Recensione di Marianna Cappi
giovedì 14 aprile 2022
Recensione di Marianna Cappi
giovedì 14 aprile 2022

Henry Teague, silenzioso, barba lunga, sempre sul chi vive, fa presto amicizia con lo sconosciuto Mark, barbuto come lui, come lui di poche parole, e con un passato violento da dimenticare. È proprio questo che Mark propone a Henry: far parte di una potente organizzazione criminale che gli offre in cambio la possibilità di cancellare ogni traccia dei suoi crimini e di ricominciare da zero. Tra i due ha inizio perciò una simbiosi quotidiana, esasperata dalla solitudine vasta ed estrema della parte di Australia in cui si muovono. Quello che Henry non sa, però, è che Mark non è veramente chi dice di essere.

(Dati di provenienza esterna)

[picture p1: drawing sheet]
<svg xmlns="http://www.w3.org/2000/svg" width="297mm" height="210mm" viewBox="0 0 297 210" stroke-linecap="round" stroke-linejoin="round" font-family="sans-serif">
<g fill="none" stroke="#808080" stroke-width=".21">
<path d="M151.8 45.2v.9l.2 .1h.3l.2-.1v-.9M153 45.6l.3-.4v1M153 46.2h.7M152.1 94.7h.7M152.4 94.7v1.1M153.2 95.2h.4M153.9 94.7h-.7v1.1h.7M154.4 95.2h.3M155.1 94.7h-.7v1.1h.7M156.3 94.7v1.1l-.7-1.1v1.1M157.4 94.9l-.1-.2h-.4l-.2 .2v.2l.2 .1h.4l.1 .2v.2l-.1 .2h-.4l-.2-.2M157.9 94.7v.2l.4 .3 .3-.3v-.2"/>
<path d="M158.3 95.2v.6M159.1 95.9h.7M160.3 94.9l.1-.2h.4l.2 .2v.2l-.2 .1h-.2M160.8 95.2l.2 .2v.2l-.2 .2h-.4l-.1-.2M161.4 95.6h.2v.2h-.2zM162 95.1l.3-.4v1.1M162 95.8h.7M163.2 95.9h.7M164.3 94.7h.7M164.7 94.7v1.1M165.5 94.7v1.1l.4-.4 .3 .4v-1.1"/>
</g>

Ispirato ad una storia vera, quella della più grande operazione di polizia sotto copertura che l'Australia abbia mai portato a termine, The Stranger è un film teso e raggelante, che penetra sotto pelle.

L'esperienza a cui Thomas M. Wright sottopone lo spettatore è infatti quella del contatto non solo ravvicinato ma intimo con il Male, tanto più insidioso in quanto coperto da uno strato di dubbio (Mark deve portare Henry a confessare perché non ci sono prove della sua colpevolezza) e incarnato da un uomo solo e non più giovane, che pare trovare reale conforto nell'amicizia maschile e restituirla con gratitudine. Eppure quello di cui potrebbe essere responsabile Henry è un crimine orribile, il più terribile di tutti i crimini, perché la vittima è un bambino innocente.

Con grande maturità stilistica, nonostante sia solo al secondo lungometraggio da regista, Wright affresca un quadro cupo ma vibrante, in cui Joel Edgerton dà grande prova di sé con una performance tutta understatement che trasuda però angoscia e sentimento. "I don't do violence", mette in chiaro Henry quando accetta la proposta di Mark, e così fa Wright: il thriller è tutto psicologico, non si vede una sola arma. Ogni retropensiero va celato: a partire dagli occhi, pericoloso "specchio dell'anima", da camuffare con le lenti a contatto di un colore diverso.

Ogni coinvolgimento personale va tenuto a bada (un'efficace finezza del copione attribuisce a Mark un figlio piccolo, della stessa età del bambino scomparso), ogni incubo ricacciato in profondità. Ce lo anticipa l'immagine iniziale: arrivare al termine di questo film sarà come scalare un'enorme montagna, la cui cima è coperta dalla nebbia dell'incertezza, del possibile travisamento, del rischio di smarrimento.

Come sempre accade nei casi migliori, The Stranger è anche un film che parla del suo mezzo: nel fuoco sul mestiere d'attore del poliziotto, obbligato a non uscire mai nemmeno un secondo dal personaggio, nell'importanza data alla pratica della registrazione del suono, nella centralità dello sguardo, ad ogni livello. Ma la patina artistica non inficia né offusca il poliziesco, che resta solido e asciutto fino in fondo.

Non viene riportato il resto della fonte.